(Entries supplied Opens)

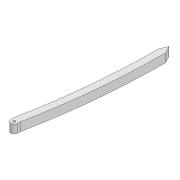
# Autodesk Inventor part: Part_12
Saved by Autodesk Inventor 2022 (Build 260153000, 153)
## iProperties
Created: 2022-05-03
Part Number: Part_12
Material: Generic
Document SubType Name: Modeling
Designer: dell
Density: 1 g/cm^3
Appearance: Default
Author: dell
Autodesk Inventor part; units mm, degrees
ref_plane "YZ Plane" through (0, 0, 0) normal (1, 0, 0) x (0, 1, 0)
ref_plane "XZ Plane" through (0, 0, 0) normal (0, 1, 0) x (-1, 0, 0)
ref_plane "XY Plane" through (0, 0, 0) normal (0, 0, 1) x (1, 0, 0)
sketch "Sketch1" plane through (0, 0, 0) normal (0, 1, 0) x (-1, 0, 0)
  line L0 (0, 0) -> (0, -315.198) construction
  line L1 (-4, 0) -> (-4, -315.198)
  line L2 (4, -315.198) -> (4, 0)
  arc A0 (4, 0) -> (-4, 0) centre (0, 0) ccw
  arc A1 (-4, -315.198) -> (4, -315.198) centre (0, -315.198) ccw
  circle A2 centre (0, 0) radius 1.5
  circle A3 centre (0, -315.198) radius 1.5
  arc A4 (-4, -3) -> (-4, -312.198) centre (780.9198, -157.599) ccw
  arc A5 (4, -3) -> (4, -312.198) centre (788.9198, -157.599) ccw
  point P0 (0, -157.599)
  dimension "d0" = 8
  dimension "d1" = 315.198
  dimension "d2" = 3
  dimension "d3" = 3
  dimension "d24" = 800
  dimension "d25" = 800
  dimension "d26" = 3
  dimension "d27" = 3
  constraints: 8 end point, 8 point on circle, 6 centre point, 4 point on line, 4 tangent, 2 coincident, 2 horizontal alignment, 1 midpoint, 1 parallel, 1 vertical
  measures "d0" diameter of A1
  measures "d1" distance of L0.end L0.start
  measures "d2" diameter of A2
  measures "d3" diameter of A3
  measures "d24" radius of A4
  measures "d25" radius of A5
  measures "d26" vertical distance of L0.end A4.end
  measures "d27" vertical distance of L0.start A4.start
extrude "Extrusion1" add sketch "Sketch1" along normal blind 10 contours A0 L2 A5 L1 | L1 A5 A4 | L1 A5 L2 A1
sketch "Sketch4" plane through (0, 0, 0) normal (0, -1, 0) x (1, 0, 0)
  line L0 (-4, -315.198) -> (-4, -312.198) projected
  arc A0 (-4, -315.198) -> (4, -315.198) centre (0, -315.198) ccw projected
  line L1 (4, -312.198) -> (4, -315.198) projected
  arc A1 (4, -312.198) -> (4, -3) centre (-780.9198, -157.599) ccw projected
  line L2 (4, 0) -> (4, -3) projected
  arc A2 (4, 0) -> (-4, 0) centre (0, 0) ccw projected
  line L3 (-4, -3) -> (-4, 0) projected
  arc A3 (-4, -312.198) -> (-4, -3) centre (-788.9198, -157.599) ccw projected
  circle A4 centre (0, 0) radius 1.5 projected
  circle A5 centre (0, -315.198) radius 1.5 projected
  circle A6 centre (0, -315.198) radius 4
  point P0 (4, -315.198)
  constraints: 1 centre point, 1 coincident, 1 concentric
extrude "Extrusion3" add sketch "Sketch4" along normal blind 10 contours A6 A0
sketch "Sketch3" plane through (0, 10, 0) normal (0, 1, 0) x (1, 0, 0)
  line L0 (-4, 315.198) -> (-4, 312.198) projected
  arc A0 (-4, 3) -> (-4, 312.198) centre (-788.9198, 157.599) ccw projected
  line L1 (-4, 3) -> (-4, 0) projected
  arc A1 (-4, 0) -> (4, 0) centre (0, 0) ccw projected
  line L2 (4, 0) -> (4, 3) projected
  arc A2 (4, 3) -> (4, 312.198) centre (-780.9198, 157.599) ccw projected
  line L3 (4, 312.198) -> (4, 315.198) projected
  arc A3 (4, 315.198) -> (-4, 315.198) centre (0, 315.198) ccw projected
  circle A4 centre (0, 0) radius 1.5 projected
  circle A5 centre (0, 315.198) radius 1.5 projected
  arc A6 (-4, 3) -> (-4, 312.198) centre (-788.9198, 157.599) ccw projected
  line L4 (11.0802, 157.599) -> (14.7286, 165.8884)
  line L5 (14.7286, 165.8884) -> (19.0802, 157.599)
  arc A7 (4, 3) -> (4, 312.198) centre (-780.9198, 157.599) ccw projected
  constraints: 4 end point, 4 point on circle
extrude "Extrusion2" cut sketch "Sketch3" against normal blind 100 contours A3 L3 A2 L5 L4 A0 L0
body "Solid1"

(Entries supplied Closes)

[Work required] Looking at the entries above, can you reproduce exactly the lines from the one that holds "arc A0 (-4, -315.198)" through the one that holds "line L2 (4, 0) -> (4, 3) projected", and only those?

[Exercise output]
  arc A0 (-4, -315.198) -> (4, -315.198) centre (0, -315.198) ccw projected
  line L1 (4, -312.198) -> (4, -315.198) projected
  arc A1 (4, -312.198) -> (4, -3) centre (-780.9198, -157.599) ccw projected
  line L2 (4, 0) -> (4, -3) projected
  arc A2 (4, 0) -> (-4, 0) centre (0, 0) ccw projected
  line L3 (-4, -3) -> (-4, 0) projected
  arc A3 (-4, -312.198) -> (-4, -3) centre (-788.9198, -157.599) ccw projected
  circle A4 centre (0, 0) radius 1.5 projected
  circle A5 centre (0, -315.198) radius 1.5 projected
  circle A6 centre (0, -315.198) radius 4
  point P0 (4, -315.198)
  constraints: 1 centre point, 1 coincident, 1 concentric
extrude "Extrusion3" add sketch "Sketch4" along normal blind 10 contours A6 A0
sketch "Sketch3" plane through (0, 10, 0) normal (0, 1, 0) x (1, 0, 0)
  line L0 (-4, 315.198) -> (-4, 312.198) projected
  arc A0 (-4, 3) -> (-4, 312.198) centre (-788.9198, 157.599) ccw projected
  line L1 (-4, 3) -> (-4, 0) projected
  arc A1 (-4, 0) -> (4, 0) centre (0, 0) ccw projected
  line L2 (4, 0) -> (4, 3) projected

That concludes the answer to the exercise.